The hemodynamics can be viewed as a hydraulic problem, which can be modeled quite well by means of ordinary differential equations (ODEs). The ODE model of the hemodynamics used in this project had first been developed in ACSL by Montserrat Vallverdú in her Ph.D. dissertation. The model was adapted to her needs by Àngela Nebot in her Ph.D. dissertation [1,2]. Finally, the model was reinterpreted by me as a bond graph model. This version of the model was coded in Dymola/Modelica [3].
On the other hand, also the central nervous control (CNC) of the hemodynamic system forms part of the cardiovascular system. The model of the CNC describes the control mechanisms that regulate the flow of blood through the hemodynamic system.
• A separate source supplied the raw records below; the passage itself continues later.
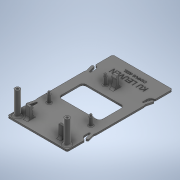
# Autodesk Inventor part: Bodemplaat_v2
Saved by Autodesk Inventor 2022 (Build 260153000, 153)
## iProperties
Created: 2022-02-17
Part Number: Bodemplaat_v2
Material: ABS Plastic
Document SubType Name: Modeling
Designer: woutr
Density: 1.06 g/cm^3
Appearance: Smooth - Black
Author: woutr
Autodesk Inventor part; units mm, degrees
note: some values were not read from the file. Chosen so that the rebuilt part matches the saved one: direction of "Emboss2".
sketch "Sketch1" plane through (0, 0, 0) normal (0, 1, 0) x (-1, 0, 0)
  line L0 (0, 0) -> (72, 0)
  line L1 (72, 0) -> (72, -127)
  line L2 (72, -127) -> (0, -127)
  line L3 (0, -127) -> (0, 0)
  line L4 (57, -50) -> (15, -50)
  line L5 (11, -54) -> (11, -76)
  line L6 (15, -80) -> (57, -80)
  line L7 (61, -76) -> (61, -54)
  arc A0 (11, -76) -> (15, -80) centre (15, -76) ccw
  arc A1 (57, -80) -> (61, -76) centre (57, -76) ccw
  arc A2 (15, -50) -> (11, -54) centre (15, -54) ccw
  arc A3 (61, -54) -> (57, -50) centre (57, -54) ccw
  point P0 (61, -50)
  point P1 (11, -80)
  point P2 (11, -50)
  point P3 (36, -50)
  point P4 (36, 0)
  dimension "d0" = 72
  dimension "d1" = 127
  dimension "d124" = 50
  dimension "d125" = 30
  dimension "d126" = 50
  dimension "d127" = 4
  constraints: 16 end point, 8 point on circle, 8 tangent, 6 point on line, 4 centre point, 4 parallel, 3 equal radius, 2 horizontal, 2 midpoint, 2 perpendicular, 1 vertical alignment
  measures "d0" distance of L1.end L2.end
  measures "d1" distance of L0.end L1.end
  measures "d124" distance between parallel lines of L0 L4
  measures "d125" distance of point (11, -50) point (11, -80)
  measures "d126" distance of point (61, -50) point (11, -50)
  measures "d127" radius of A0
extrude "Extrusion1" add sketch "Sketch1" along normal blind 2
sketch "Sketch2" plane through (0, 2, 0) normal (0, 1, 0) x (1, 0, 0)
  circle A0 centre (-60.5, 38.7) radius 2
  circle A1 centre (-11.5, 40) radius 2
  circle A2 centre (-45.2, 91.15) radius 2
  line L0 (-71, 11) -> (-1, 11) construction
  line L1 (-1, 11) -> (-1, 93.45) construction
  line L2 (-1, 93.45) -> (-71, 93.45) construction
  line L3 (-71, 93.45) -> (-71, 11) construction
  line L4 (-72, 0) -> (0, 0) projected
  point P0 (-36, 11)
  point P1 (-36, 0)
  dimension "d34" = 4
  dimension "d83" = 70
  dimension "d84" = 82.45
  dimension "d85" = 29
  dimension "d86" = 10.5
  dimension "d87" = 25.8
  dimension "d88" = 10.5
  dimension "d89" = 2.3
  dimension "d90" = 11
  dimension "d123" = 27.7
  constraints: 8 end point, 3 centre point, 2 equal radius, 2 horizontal, 2 midpoint, 2 perpendicular, 1 vertical alignment
  measures "d34" diameter of A1
  measures "d83" distance between parallel lines of L1 L3
  measures "d84" distance between parallel lines of L2 L0
  measures "d85" distance from line of L0 A1.centre
  measures "d86" distance from line of L1 A1.centre
  measures "d87" distance from line of L3 A2.centre
  measures "d88" distance from line of L3 A0.centre
  measures "d89" distance from line of L2 A2.centre
  measures "d90" distance between parallel lines of L4 L0
  measures "d123" distance from line of L0 A0.centre
extrude "Extrusion8" add sketch "Sketch2" along normal blind 9
fillet "Fillet3" radius 1 3 edges at (-62.5, 2, -38.7) (-13.5, 2, -40) (-47.2, 2, -91.15)
sketch "Sketch8" plane through (-60.5, 11, -38.7) normal (0, 1, 0) x (1, 0, 0)
  circle A0 centre (0, 0) radius 1.25
  circle A1 centre (49, 1.3) radius 2 projected
  circle A2 centre (49, 1.3) radius 1.25
  circle A3 centre (15.3, 52.45) radius 2 projected
  circle A4 centre (15.3, 52.45) radius 1.25
  circle A5 centre (0, 0) radius 2 projected
  point P0 (60.5, -38.7)
  dimension "d65" = 2.5
  dimension "d66" = 2.5
  dimension "d67" = 2.5
  constraints: 3 centre point, 2 coincident, 1 concentric
  measures "d65" diameter of A0
  measures "d66" diameter of A2
  measures "d67" diameter of A4
extrude "Extrusion9" add sketch "Sketch8" along normal blind 3 contours A0 | A2 | A4
fillet "Fillet4" radius 0.5 3 edges at (-61.75, 14, -38.7) (-12.75, 14, -40) (-46.45, 14, -91.15)
fillet "Fillet5" radius 2 4 edges at (0, 1, 0) (-72, 1, 0) (-72, 1, -127) (0, 1, -127)
ref_plane "Work Plane1" through (-16, 0, -2) normal (1, 0, 0) x (0, 0, -1)
sketch "Sketch10" plane through (-16, 0, -2) normal (1, 0, 0) x (0, 0, -1)
  line L0 (0, 2) -> (123, 2) projected
  line L1 (3.5, 2) -> (13.5, 2)
  arc A0 (10.7088, 3.9004) -> (13.5, 2) centre (13.5, 5) ccw
  arc A1 (3.5, 2) -> (6.5, 5) centre (3.5, 5) ccw
  line L2 (6.5, 5) -> (6.5, 15.9)
  line L3 (6.5, 15.9) -> (9, 15.9)
  line L4 (9, 15.9) -> (10.5, 13.9)
  line L5 (10.5, 13.9) -> (10.5, 12.9)
  line L6 (10.5, 12.9) -> (9, 12.9)
  arc A2 (9, 12.9) -> (10.7088, 3.9004) centre (33.5533, 12.9) ccw
  line L7 (-2, 2) -> (-2, 0) projected
  dimension "d92" = 10
  dimension "d96" = 1
  dimension "d98" = 3
  dimension "d100" = 2.5
  dimension "d102" = 1.5
  dimension "d103" = 3
  dimension "d117" = 10.9
  dimension "d121" = 5.5
  constraints: 12 end point, 6 point on circle, 4 tangent, 3 centre point, 3 point on line, 2 perpendicular, 1 equal radius, 1 parallel, 1 vertical, 1 vertical alignment
  measures "d92" distance of L1.start L1.end
  measures "d96" distance of L4.end L5.end
  measures "d98" radius of A0
  measures "d100" horizontal distance of L2.end L6.end
  measures "d102" distance of L5.end L6.end
  measures "d103" distance between parallel lines of L3 L6
  measures "d117" distance between parallel lines of L6 L1
  measures "d121" distance from line of L7 L1.start
extrude "Extrusion11" add sketch "Sketch10" along normal mid plane 5
ref_plane "Work Plane2" through (-36, 0, -2) normal (1, 0, 0) x (0, 0, -1)
mirror "Mirror1" about plane through (-36, 0, -2) normal (1, 0, 0) of "Extrusion11"
sketch "Sketch11" plane through (-36, 0, -2) normal (1, 0, 0) x (0, 0, -1)
  line L0 (0, 2) -> (123, 2) projected
  line L1 (86.95, 2) -> (96.95, 2)
  arc A0 (93.95, 5) -> (96.95, 2) centre (96.95, 5) ccw
  line L2 (93.95, 5) -> (93.95, 15.9)
  line L3 (93.95, 15.9) -> (91.45, 15.9)
  line L4 (91.45, 15.9) -> (89.95, 13.9)
  line L5 (89.95, 13.9) -> (89.95, 12.9)
  line L6 (89.95, 12.9) -> (91.45, 12.9)
  arc A1 (86.95, 2) -> (89.7412, 3.9004) centre (86.95, 5) ccw
  arc A2 (89.7412, 3.9004) -> (91.45, 12.9) centre (66.8967, 12.9) ccw
  line L7 (-2, 2) -> (-2, 0) projected
  point P0 (9, 12.9)
  dimension "d107" = 10
  dimension "d109" = 2.5
  dimension "d112" = 3
  dimension "d113" = 3
  dimension "d118" = 1
  dimension "d119" = 1.5
  dimension "d120" = 10.9
  dimension "d122" = 82.45
  constraints: 12 end point, 6 point on circle, 4 tangent, 3 centre point, 3 point on line, 2 perpendicular, 1 equal radius, 1 parallel, 1 vertical, 1 vertical alignment
  measures "d107" distance of L1.start L1.end
  measures "d109" distance of L2.end L3.end
  measures "d112" radius of A0
  measures "d113" distance between parallel lines of L3 L6
  measures "d118" distance of L4.end L5.end
  measures "d119" distance of L5.end L6.end
  measures "d120" distance between parallel lines of L1 L6
  measures "d122" distance of L6.end point (9, 12.9)
extrude "Extrusion12" add sketch "Sketch11" along normal mid plane 5
sketch "Sketch12" plane through (0, 2, 0) normal (0, 1, 0) x (1, 0, 0)
  circle A0 centre (-66, 6) radius 3
  line L0 (-72, 125) -> (-72, 2) projected
  line L1 (-70, 0) -> (-2, 0) projected
  circle A1 centre (-6, 6) radius 3
  line L2 (0, 2) -> (0, 125) projected
  point P0 (0, 0)
  dimension "d128" = 6
  dimension "d129" = 6
  dimension "d130" = 6
  dimension "d131" = 6
  dimension "d132" = 6
  constraints: 2 centre point, 1 equal radius
  measures "d128" diameter of A0
  measures "d129" distance from line of L0 A0.centre
  measures "d130" distance from line of L1 A0.centre
  measures "d131" distance from line of L2 A1.centre
  measures "d132" distance from line of L1 A1.centre
extrude "Extrusion13" add sketch "Sketch12" along normal blind 28
fillet "Fillet6" radius 2 2 edges at (-9, 2, -6) (-69, 2, -6)
sketch "Sketch13" plane through (-6, 30, -6) normal (0, 1, 0) x (1, 0, 0)
  circle A0 centre (0, 0) radius 3 projected
  circle A1 centre (0, 0) radius 1.25
  circle A2 centre (-60, 0) radius 3 projected
  circle A3 centre (-60, 0) radius 1.25
  point P0 (6, -6)
  dimension "d136" = 2.5
  dimension "d137" = 2.5
  constraints: 2 centre point, 2 coincident
  measures "d136" diameter of A1
  measures "d137" diameter of A3
extrude "Extrusion14" cut sketch "Sketch13" against normal blind 10 contours A1 | A3
sketch "Sketch16" plane through (0, 2, 0) normal (0, 1, 0) x (1, 0, 0)
  line L0 (-14.5113, 107.1159) -> (-57.4887, 107.1159) construction
  line L1 (-57.4887, 107.1159) -> (-57.4887, 122) construction
  line L2 (-57.4887, 122) -> (-14.5113, 122) construction
  line L3 (-14.5113, 122) -> (-14.5113, 107.1159) construction
  line L4 (-2, 127) -> (-70, 127) projected
  line L5 (-19.6921, 113.2159) -> (-18.6392, 113.2159)
  line L6 (-18.6392, 113.2159) -> (-16.4098, 110.3785)
  line L7 (-16.4098, 110.3785) -> (-16.0539, 110.7789)
  line L8 (-16.0539, 110.7789) -> (-16.0539, 113.2159)
  line L9 (-16.0539, 113.2159) -> (-15.2432, 113.2159)
  line L10 (-15.2432, 113.2159) -> (-15.2432, 107.1159)
  line L11 (-15.2432, 107.1159) -> (-16.0539, 107.1159)
  line L12 (-16.0539, 107.1159) -> (-16.0539, 109.9187)
  line L13 (-16.0539, 109.9187) -> (-18.5552, 107.1159)
  line L14 (-18.5552, 107.1159) -> (-19.5438, 107.1159)
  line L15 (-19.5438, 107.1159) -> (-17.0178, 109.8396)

The physiological mechanisms implementing the CNC in the body are not completely understood. The qualitative model of the CNC used in this project consists of five separate control loops that regulate, based on the blood pressure in the arteries of the brain (carotid sinus pressure), the heart rate, the myocardiac contractility, the peripheric resistance, the venous tone, and the coronary resistance.
The CNC was modeled originally by Montserrat Vallverdú in her Ph.D. dissertation using NARMAX model. Àngela Nebot replaced the NARMAX models in her Ph.D. dissertation by corresponding FIR models.
Both model types were identified on the basis of measurement data of Valsalva maneuvers obtained from patients with a heart catheter. These data were recorded in a hospital in Barcelona. Whereas the NARMAX models were only able to reproduce the low-frequency component of the measurement data that is caused by the respiration of the patient, the FIR models were perfectly capable of also identifying the high-frequency component of the measurement data that is caused by the heart rate. Consequently, the FIR models turned out to be considerably more accurate.